While the major multinationals involved claim that they are defending the rights of their musicians, their actors and playwrights, their authors and doing so in order to encourage creativity, nothing could be further from the truth.  The vast majority of entertainers, software developers and writers see very little of the billions of euro made in profits by these companies each year.  In many cases, even the biggest stars earn only a fraction of the profits that they make for major multinationals.  And even more often, millions of other creative and talented human beings are never given the option to develop their skills and talents as they are not worth the investment i.e. they’ll never make enough profits for these already super-rich corporations.

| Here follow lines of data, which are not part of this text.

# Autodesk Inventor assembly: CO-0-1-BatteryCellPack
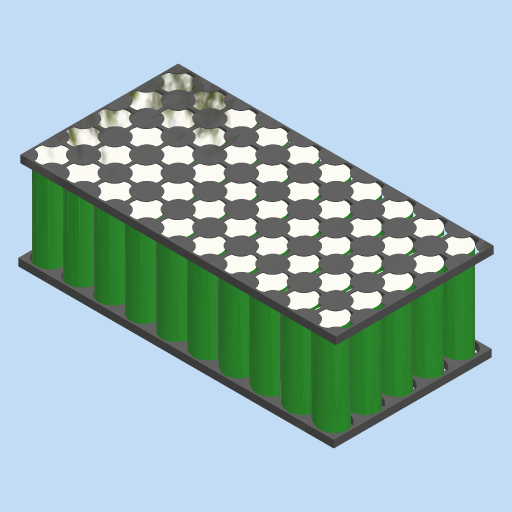
[picture p0: Inventor's stored thumbnail of the model, 512x512]
Saved by Autodesk Inventor 2023 (Build 270158000, 158)
## iProperties
Created: 2022-10-25
Part Number: CO-0-1-BatteryCellPack
Document SubType Name: Assembly
Designer: asach
Author: asach
## Documents named in this file (3)
- C:\Github\BehrendURC\CAD\Controls\CO-0-1-BatteryCellPack.iam
- C:\Github\BehrendURC\CAD\Controls\CO-1-1_CellSpacer10by5.ipt
- C:\Github\BehrendURC\CAD\Controls\CO-1-1-BatteryCell.ipt
## Components (52 placed, 2 different names)
1. CO-1-1_CellSpacer10by5:1 — Mate:2, Mate:3
2. CO-1-1_CellSpacer10by5:2 — Mate:4, Mate:5
3. CO-1-1-BatteryCell:1 — Mate:2, Mate:3, Mate:4, Mate:5
4. CO-1-1-BatteryCell:2
5. CO-1-1-BatteryCell:3
6. CO-1-1-BatteryCell:4
7. CO-1-1-BatteryCell:5
8. CO-1-1-BatteryCell:6
9. CO-1-1-BatteryCell:7
10. CO-1-1-BatteryCell:8
11. CO-1-1-BatteryCell:9
12. CO-1-1-BatteryCell:10
13. CO-1-1-BatteryCell:11
14. CO-1-1-BatteryCell:12
15. CO-1-1-BatteryCell:13
16. CO-1-1-BatteryCell:14
17. CO-1-1-BatteryCell:15
18. CO-1-1-BatteryCell:16
19. CO-1-1-BatteryCell:17
20. CO-1-1-BatteryCell:18
21. CO-1-1-BatteryCell:19
22. CO-1-1-BatteryCell:20
23. CO-1-1-BatteryCell:21
24. CO-1-1-BatteryCell:22
25. CO-1-1-BatteryCell:23
26. CO-1-1-BatteryCell:24
27. CO-1-1-BatteryCell:25
28. CO-1-1-BatteryCell:26
29. CO-1-1-BatteryCell:27
30. CO-1-1-BatteryCell:28
31. CO-1-1-BatteryCell:29
32. CO-1-1-BatteryCell:30
33. CO-1-1-BatteryCell:31
34. CO-1-1-BatteryCell:32
35. CO-1-1-BatteryCell:33
36. CO-1-1-BatteryCell:34
37. CO-1-1-BatteryCell:35
38. CO-1-1-BatteryCell:36
39. CO-1-1-BatteryCell:37
40. CO-1-1-BatteryCell:38
41. CO-1-1-BatteryCell:39
42. CO-1-1-BatteryCell:40
43. CO-1-1-BatteryCell:41
44. CO-1-1-BatteryCell:42
45. CO-1-1-BatteryCell:43
46. CO-1-1-BatteryCell:44
47. CO-1-1-BatteryCell:45
48. CO-1-1-BatteryCell:46
49. CO-1-1-BatteryCell:47
50. CO-1-1-BatteryCell:48
51. CO-1-1-BatteryCell:49
52. CO-1-1-BatteryCell:50
## Component patterns: (50 elements, first: CO-1-1-BatteryCell:1)
## Relationships (4: Mate 4)
- Mate:2: CO-1-1_CellSpacer10by5:1 ↔ CO-1-1-BatteryCell:1
- Mate:3: CO-1-1_CellSpacer10by5:1 ↔ CO-1-1-BatteryCell:1
- Mate:4: CO-1-1_CellSpacer10by5:2 ↔ CO-1-1-BatteryCell:1
- Mate:5: CO-1-1_CellSpacer10by5:2 ↔ CO-1-1-BatteryCell:1

Attempts to strengthen copyright and intellectual property rights are nothing new but it has been difficult in the past to enforce them on the internet which has so far resisted the “enclosure of the commons”.  The enclosure of the commons marked a period in history when lands that were formally held in common by poor farmers and could be accessed by all were usurped by the rich and taken into private ownership and control.

Today, legislation like SOPA and ACTA aim to do the same thing to the internet by eroding our privacy and by increasingly deciding what we are and aren’t allowed to access.  Rather than encouraging creativity by curbing piracy as the entertainment industry claims, they are about dominating the internet and eliminating anything that undermines their enormous profits.  Instead, these corporations should be taken out of the control of private billionaires and returned to the commons.  On that basis, not only could we break the price monopoly enforced by these companies which limits access to those who can afford it but we could genuinely encourage human creativity by giving equal access to all.